64Pour le fini, la vérité n’est pas catégorie du discours, ni révélée par le choix que fait la liberté de la raison contre la violence. Le fini ne connaît pas de choix de ce genre bien que la volonté lui soit une dimension essentielle du penser, sans laquelle l’expérience endurante de la pensée « tourne en philosophie », selon l'expression d'H. Birault10. « Questionner... consiste en un vouloir-savoir. Vouloir — ce n’est pas simplement désirer et aspirer. Qui désire savoir, questionne aussi apparemment ; mais il ne dépasse pas le dire de la question ; il s’arrête là précisément où la question commence. Questionner, c’est vouloir-savoir. Celui qui veut, qui place tout son être-là en une seule volonté, est résolu. La résolution <ou déclosion déterminée> ne remet rien, ne se dérobe pas, mais agit déjà et sans relâche. La déclosion déterminée (Ent-schlossenheit) n’est pas simplement un ferme propos (Beschluss) d’agir, mais une amorce de l’agir décisive, précédant tout agir et le pénétrant jusqu’au bout. Vouloir, c’est être-résolu. L’essence du vouloir est ici ramenée et reprise dans la déclosion déterminée. Mais l’essence de la déclosion déterminée réside dans la dé-latence (Ent-borgenheit) de l'être-là humain en vue de la lumination (Lichtung) de l’être ; et nullement dans l’accumulation d’énergie en vue du fait même d’agir. Cf. Sein und Zeit, § 44 et § 60. Or la relation à l’être est le « laisser ». Que tout vouloir doive se fonder sur un « laisser », c'est ce qui déconcerte l’entendement »11.
65Résolution et ouverture (Entschlossenheit) à la vérité d'un côté, choix du discours, refus de la violence, supposant la vérité comme catégorie, de l’autre : la pensée du fini et la philosophie de la Logique de la Philosophie se rencontrent, pour se distinguer l’une de l’autre, sur le même point. C'est pourquoi l’Introduction de la Logique de la Philosophie est conduite jusqu’à la thématisation de la vérité, catégorie qui ouvre le discours systématique, en même temps qu’à la critique de la pensée du fini (et de sa catégorie). Il s’agit chez Heidegger et chez Weil du lien fondamental de la liberté et de la vérité.

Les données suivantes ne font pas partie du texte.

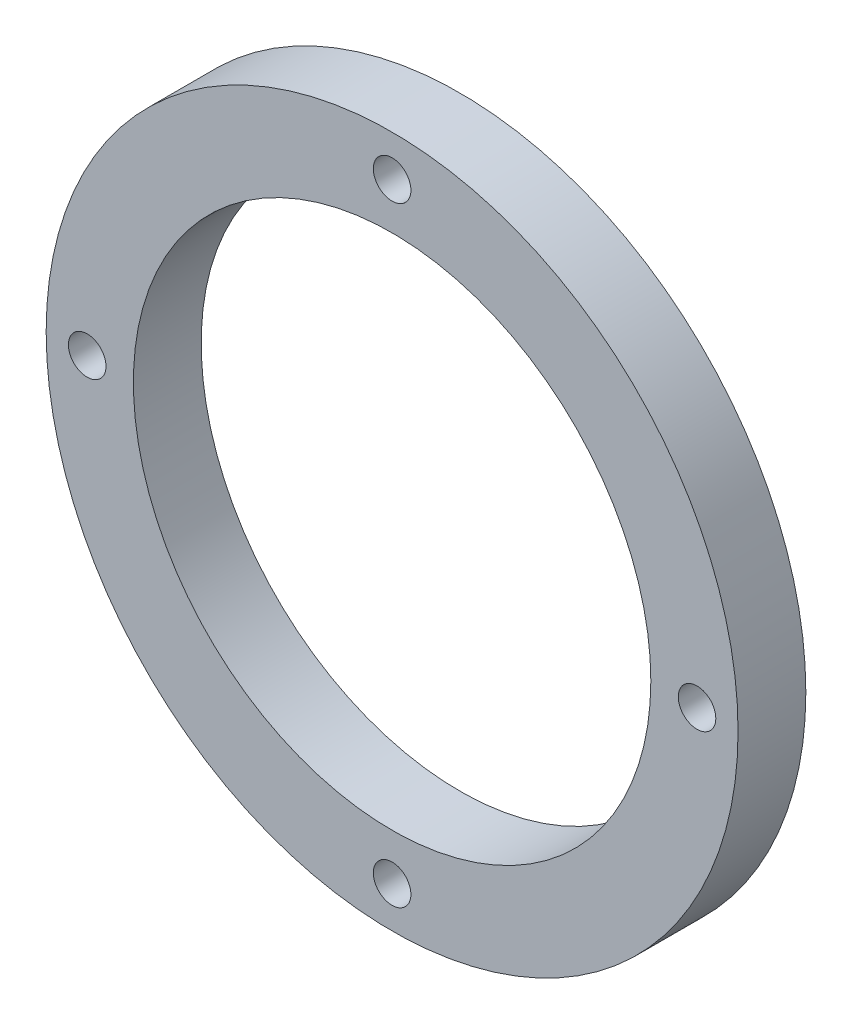
ISO-10303-21;
HEADER;
FILE_DESCRIPTION(('STEP AP214'),'2;1');
FILE_NAME('part.step','',(''),(''),'','','');
FILE_SCHEMA(('AUTOMOTIVE_DESIGN { 1 0 10303 214 1 1 1 1 }'));
ENDSEC;
DATA;
#1=APPLICATION_CONTEXT('core data for automotive mechanical design processes');
#2=APPLICATION_PROTOCOL_DEFINITION('international standard','automotive_design',2000,#1);
#3=PRODUCT_CONTEXT('',#1,'mechanical');
#4=PRODUCT('Part','Part','',(#3));
#5=PRODUCT_RELATED_PRODUCT_CATEGORY('part','',(#4));
#6=PRODUCT_DEFINITION_FORMATION('','',#4);
#7=PRODUCT_DEFINITION_CONTEXT('part definition',#1,'design');
#8=PRODUCT_DEFINITION('design','',#6,#7);
#9=PRODUCT_DEFINITION_SHAPE('','',#8);
#10=(LENGTH_UNIT() NAMED_UNIT(*) SI_UNIT(.MILLI.,.METRE.));
#11=(NAMED_UNIT(*) PLANE_ANGLE_UNIT() SI_UNIT($,.RADIAN.));
#12=(NAMED_UNIT(*) SI_UNIT($,.STERADIAN.) SOLID_ANGLE_UNIT());
#13=UNCERTAINTY_MEASURE_WITH_UNIT(LENGTH_MEASURE(1.E-05),#10,'distance_accuracy_value','');
#14=(GEOMETRIC_REPRESENTATION_CONTEXT(3) GLOBAL_UNCERTAINTY_ASSIGNED_CONTEXT((#13)) GLOBAL_UNIT_ASSIGNED_CONTEXT((#10,
#11,#12)) REPRESENTATION_CONTEXT('',''));
#15=CARTESIAN_POINT('',(0.,0.,0.));
#16=DIRECTION('',(0.,0.,1.));
#17=DIRECTION('',(1.,0.,0.));
#18=AXIS2_PLACEMENT_3D('',#15,#16,#17);
#19=CARTESIAN_POINT('',(0.,0.,9.1694));
#20=DIRECTION('',(0.,0.,1.));
#21=DIRECTION('',(1.,0.,0.));
#22=AXIS2_PLACEMENT_3D('',#19,#20,#21);
#23=PLANE('',#22);
#24=CARTESIAN_POINT('',(1.18202685202724E-12,-41.25,9.1694));
#25=DIRECTION('',(0.,0.,1.));
#26=DIRECTION('',(1.,0.,0.));
#27=AXIS2_PLACEMENT_3D('',#24,#25,#26);
#28=CIRCLE('',#27,2.54);
#29=CARTESIAN_POINT('',(2.54000000000118,-41.25,9.1694));
#30=VERTEX_POINT('',#29);
#31=EDGE_CURVE('E72',#30,#30,#28,.T.);
#32=ORIENTED_EDGE('',*,*,#31,.F.);
#33=EDGE_LOOP('',(#32));
#34=FACE_BOUND('',#33,.T.);
#35=CARTESIAN_POINT('',(0.,41.25000005,9.1694));
#36=DIRECTION('',(0.,0.,1.));
#37=DIRECTION('',(1.,0.,0.));
#38=AXIS2_PLACEMENT_3D('',#35,#36,#37);
#39=CIRCLE('',#38,2.54);
#40=CARTESIAN_POINT('',(2.54,41.25000005,9.1694));
#41=VERTEX_POINT('',#40);
#42=EDGE_CURVE('E56',#41,#41,#39,.T.);
#43=ORIENTED_EDGE('',*,*,#42,.F.);
#44=EDGE_LOOP('',(#43));
#45=FACE_BOUND('',#44,.T.);
#46=CARTESIAN_POINT('',(0.,0.,9.1694));
#47=DIRECTION('',(0.,0.,1.));
#48=DIRECTION('',(1.,0.,0.));
#49=AXIS2_PLACEMENT_3D('',#46,#47,#48);
#50=CIRCLE('',#49,46.8);
#51=CARTESIAN_POINT('',(46.8,0.,9.1694));
#52=VERTEX_POINT('',#51);
#53=EDGE_CURVE('E10',#52,#52,#50,.T.);
#54=ORIENTED_EDGE('',*,*,#53,.T.);
#55=EDGE_LOOP('',(#54));
#56=FACE_BOUND('',#55,.T.);
#57=CARTESIAN_POINT('',(0.,0.,9.1694));
#58=DIRECTION('',(0.,0.,1.));
#59=DIRECTION('',(1.,0.,0.));
#60=AXIS2_PLACEMENT_3D('',#57,#58,#59);
#61=CIRCLE('',#60,35.);
#62=CARTESIAN_POINT('',(35.,0.,9.1694));
#63=VERTEX_POINT('',#62);
#64=EDGE_CURVE('E50',#63,#63,#61,.T.);
#65=ORIENTED_EDGE('',*,*,#64,.F.);
#66=EDGE_LOOP('',(#65));
#67=FACE_BOUND('',#66,.T.);
#68=CARTESIAN_POINT('',(41.25,1.15000781177469E-12,9.1694));
#69=DIRECTION('',(0.,0.,1.));
#70=DIRECTION('',(1.,0.,0.));
#71=AXIS2_PLACEMENT_3D('',#68,#69,#70);
#72=CIRCLE('',#71,2.54);
#73=CARTESIAN_POINT('',(43.79,1.15000781177469E-12,9.1694));
#74=VERTEX_POINT('',#73);
#75=EDGE_CURVE('E64',#74,#74,#72,.T.);
#76=ORIENTED_EDGE('',*,*,#75,.F.);
#77=EDGE_LOOP('',(#76));
#78=FACE_BOUND('',#77,.T.);
#79=CARTESIAN_POINT('',(-41.25,0.,9.1694));
#80=DIRECTION('',(0.,0.,1.));
#81=DIRECTION('',(1.,0.,0.));
#82=AXIS2_PLACEMENT_3D('',#79,#80,#81);
#83=CIRCLE('',#82,2.54);
#84=CARTESIAN_POINT('',(-38.71,0.,9.1694));
#85=VERTEX_POINT('',#84);
#86=EDGE_CURVE('E80',#85,#85,#83,.T.);
#87=ORIENTED_EDGE('',*,*,#86,.F.);
#88=EDGE_LOOP('',(#87));
#89=FACE_BOUND('',#88,.T.);
#90=ADVANCED_FACE('F37',(#34,#45,#56,#67,#78,#89),#23,.T.);
#91=CARTESIAN_POINT('',(0.,0.,0.));
#92=DIRECTION('',(0.,0.,1.));
#93=DIRECTION('',(1.,0.,0.));
#94=AXIS2_PLACEMENT_3D('',#91,#92,#93);
#95=PLANE('',#94);
#96=CARTESIAN_POINT('',(0.,0.,0.));
#97=DIRECTION('',(0.,0.,1.));
#98=DIRECTION('',(1.,0.,0.));
#99=AXIS2_PLACEMENT_3D('',#96,#97,#98);
#100=CIRCLE('',#99,46.8);
#101=CARTESIAN_POINT('',(46.8,0.,0.));
#102=VERTEX_POINT('',#101);
#103=EDGE_CURVE('E41',#102,#102,#100,.T.);
#104=ORIENTED_EDGE('',*,*,#103,.F.);
#105=EDGE_LOOP('',(#104));
#106=FACE_BOUND('',#105,.T.);
#107=CARTESIAN_POINT('',(0.,0.,0.));
#108=DIRECTION('',(0.,0.,1.));
#109=DIRECTION('',(1.,0.,0.));
#110=AXIS2_PLACEMENT_3D('',#107,#108,#109);
#111=CIRCLE('',#110,35.);
#112=CARTESIAN_POINT('',(35.,0.,0.));
#113=VERTEX_POINT('',#112);
#114=EDGE_CURVE('E52',#113,#113,#111,.T.);
#115=ORIENTED_EDGE('',*,*,#114,.T.);
#116=EDGE_LOOP('',(#115));
#117=FACE_BOUND('',#116,.T.);
#118=CARTESIAN_POINT('',(0.,41.25000005,0.));
#119=DIRECTION('',(0.,0.,1.));
#120=DIRECTION('',(1.,0.,0.));
#121=AXIS2_PLACEMENT_3D('',#118,#119,#120);
#122=CIRCLE('',#121,2.54);
#123=CARTESIAN_POINT('',(2.54,41.25000005,0.));
#124=VERTEX_POINT('',#123);
#125=EDGE_CURVE('E60',#124,#124,#122,.T.);
#126=ORIENTED_EDGE('',*,*,#125,.T.);
#127=EDGE_LOOP('',(#126));
#128=FACE_BOUND('',#127,.T.);
#129=CARTESIAN_POINT('',(41.25,1.15000781177469E-12,0.));
#130=DIRECTION('',(0.,0.,1.));
#131=DIRECTION('',(1.,0.,0.));
#132=AXIS2_PLACEMENT_3D('',#129,#130,#131);
#133=CIRCLE('',#132,2.54);
#134=CARTESIAN_POINT('',(43.79,1.15000781177469E-12,0.));
#135=VERTEX_POINT('',#134);
#136=EDGE_CURVE('E68',#135,#135,#133,.T.);
#137=ORIENTED_EDGE('',*,*,#136,.T.);
#138=EDGE_LOOP('',(#137));
#139=FACE_BOUND('',#138,.T.);
#140=CARTESIAN_POINT('',(1.18202685202724E-12,-41.25,0.));
#141=DIRECTION('',(0.,0.,1.));
#142=DIRECTION('',(1.,0.,0.));
#143=AXIS2_PLACEMENT_3D('',#140,#141,#142);
#144=CIRCLE('',#143,2.54);
#145=CARTESIAN_POINT('',(2.54000000000118,-41.25,0.));
#146=VERTEX_POINT('',#145);
#147=EDGE_CURVE('E76',#146,#146,#144,.T.);
#148=ORIENTED_EDGE('',*,*,#147,.T.);
#149=EDGE_LOOP('',(#148));
#150=FACE_BOUND('',#149,.T.);
#151=CARTESIAN_POINT('',(-41.25,0.,0.));
#152=DIRECTION('',(0.,0.,1.));
#153=DIRECTION('',(1.,0.,0.));
#154=AXIS2_PLACEMENT_3D('',#151,#152,#153);
#155=CIRCLE('',#154,2.54);
#156=CARTESIAN_POINT('',(-38.71,0.,0.));
#157=VERTEX_POINT('',#156);
#158=EDGE_CURVE('E84',#157,#157,#155,.T.);
#159=ORIENTED_EDGE('',*,*,#158,.T.);
#160=EDGE_LOOP('',(#159));
#161=FACE_BOUND('',#160,.T.);
#162=ADVANCED_FACE('F96',(#106,#117,#128,#139,#150,#161),#95,.F.);
#163=CARTESIAN_POINT('',(0.,0.,9.1694));
#164=DIRECTION('',(0.,0.,-1.));
#165=DIRECTION('',(-1.,0.,0.));
#166=AXIS2_PLACEMENT_3D('',#163,#164,#165);
#167=CYLINDRICAL_SURFACE('',#166,46.8);
#168=ORIENTED_EDGE('',*,*,#53,.F.);
#169=EDGE_LOOP('',(#168));
#170=FACE_BOUND('',#169,.T.);
#171=ORIENTED_EDGE('',*,*,#103,.T.);
#172=EDGE_LOOP('',(#171));
#173=FACE_BOUND('',#172,.T.);
#174=ADVANCED_FACE('F39',(#170,#173),#167,.T.);
#175=CARTESIAN_POINT('',(0.,0.,9.1694));
#176=DIRECTION('',(0.,0.,-1.));
#177=DIRECTION('',(-1.,0.,0.));
#178=AXIS2_PLACEMENT_3D('',#175,#176,#177);
#179=CYLINDRICAL_SURFACE('',#178,35.);
#180=ORIENTED_EDGE('',*,*,#64,.T.);
#181=EDGE_LOOP('',(#180));
#182=FACE_BOUND('',#181,.T.);
#183=ORIENTED_EDGE('',*,*,#114,.F.);
#184=EDGE_LOOP('',(#183));
#185=FACE_BOUND('',#184,.T.);
#186=ADVANCED_FACE('F106',(#182,#185),#179,.F.);
#187=CARTESIAN_POINT('',(0.,41.25000005,9.1694));
#188=DIRECTION('',(0.,0.,-1.));
#189=DIRECTION('',(-1.,0.,0.));
#190=AXIS2_PLACEMENT_3D('',#187,#188,#189);
#191=CYLINDRICAL_SURFACE('',#190,2.54);
#192=ORIENTED_EDGE('',*,*,#42,.T.);
#193=EDGE_LOOP('',(#192));
#194=FACE_BOUND('',#193,.T.);
#195=ORIENTED_EDGE('',*,*,#125,.F.);
#196=EDGE_LOOP('',(#195));
#197=FACE_BOUND('',#196,.T.);
#198=ADVANCED_FACE('F109',(#194,#197),#191,.F.);
#199=CARTESIAN_POINT('',(41.25,1.15000781177469E-12,9.1694));
#200=DIRECTION('',(0.,0.,-1.));
#201=DIRECTION('',(-1.,0.,0.));
#202=AXIS2_PLACEMENT_3D('',#199,#200,#201);
#203=CYLINDRICAL_SURFACE('',#202,2.54);
#204=ORIENTED_EDGE('',*,*,#75,.T.);
#205=EDGE_LOOP('',(#204));
#206=FACE_BOUND('',#205,.T.);
#207=ORIENTED_EDGE('',*,*,#136,.F.);
#208=EDGE_LOOP('',(#207));
#209=FACE_BOUND('',#208,.T.);
#210=ADVANCED_FACE('F113',(#206,#209),#203,.F.);
#211=CARTESIAN_POINT('',(1.18202685202724E-12,-41.25,9.1694));
#212=DIRECTION('',(0.,0.,-1.));
#213=DIRECTION('',(-1.,0.,0.));
#214=AXIS2_PLACEMENT_3D('',#211,#212,#213);
#215=CYLINDRICAL_SURFACE('',#214,2.54);
#216=ORIENTED_EDGE('',*,*,#31,.T.);
#217=EDGE_LOOP('',(#216));
#218=FACE_BOUND('',#217,.T.);
#219=ORIENTED_EDGE('',*,*,#147,.F.);
#220=EDGE_LOOP('',(#219));
#221=FACE_BOUND('',#220,.T.);
#222=ADVANCED_FACE('F117',(#218,#221),#215,.F.);
#223=CARTESIAN_POINT('',(-41.25,0.,9.1694));
#224=DIRECTION('',(0.,0.,-1.));
#225=DIRECTION('',(-1.,0.,0.));
#226=AXIS2_PLACEMENT_3D('',#223,#224,#225);
#227=CYLINDRICAL_SURFACE('',#226,2.54);
#228=ORIENTED_EDGE('',*,*,#86,.T.);
#229=EDGE_LOOP('',(#228));
#230=FACE_BOUND('',#229,.T.);
#231=ORIENTED_EDGE('',*,*,#158,.F.);
#232=EDGE_LOOP('',(#231));
#233=FACE_BOUND('',#232,.T.);
#234=ADVANCED_FACE('F92',(#230,#233),#227,.F.);
#235=CLOSED_SHELL('',(#90,#162,#174,#186,#198,#210,#222,#234));
#236=MANIFOLD_SOLID_BREP('B2',#235);
#237=ADVANCED_BREP_SHAPE_REPRESENTATION('',(#18,#236),#14);
#238=SHAPE_DEFINITION_REPRESENTATION(#9,#237);
ENDSEC;
END-ISO-10303-21;

66Heidegger pense l’inséparabilité de la vérité et de la liberté et la double possibilité de la vérité et de la non-vérité selon l'Entschlossenheit, ouverture et résolution, laisser-être et volonté. La non-vérité est aussi essentielle que la vérité, l'oubli est aussi essentiel que la mémoire. La vérité n’est pas moins dans le voilement que dans le dévoilement. Toujours, de quelque manière, l'être-là, l’être-le-là, se tient dans la vérité. A la fois « das Denkwürdige, das Zu-denkende... se destine et se dérobe à la pensée »12. Si « l'essence de la vérité se dévoile comme liberté »13 et si « la liberté est le laisser-être de l’étant » (« das Sein-lassen des Seienden ») il faut, comme le rappelle H. Birault, « que ce laisser-être puisse aussi ne pas laisser être l’étant tel qu’il est. C’est ainsi que se fait jour au cœur de la vérité une possibilité de non-vérité »14. Au-delà de tout partage, du choix, du « non » que Weil pense au principe de la philosophie et de son début, la liberté selon Heidegger acquiesce à la vérité dont « l’essence complète inclut sa non-vérité, comme mystère et sa contre-vérité, comme errance »15. Qu'est-ce à dire sinon que la vérité est tout, qu'elle comprend son autre en elle et que cette « compréhension » transcende la cohérence ? Que seule la parole poétique, respectueuse du mystère, voilante et dévoilante, révélante et dérobante, non le discours cohérent, peut signifier la vérité ?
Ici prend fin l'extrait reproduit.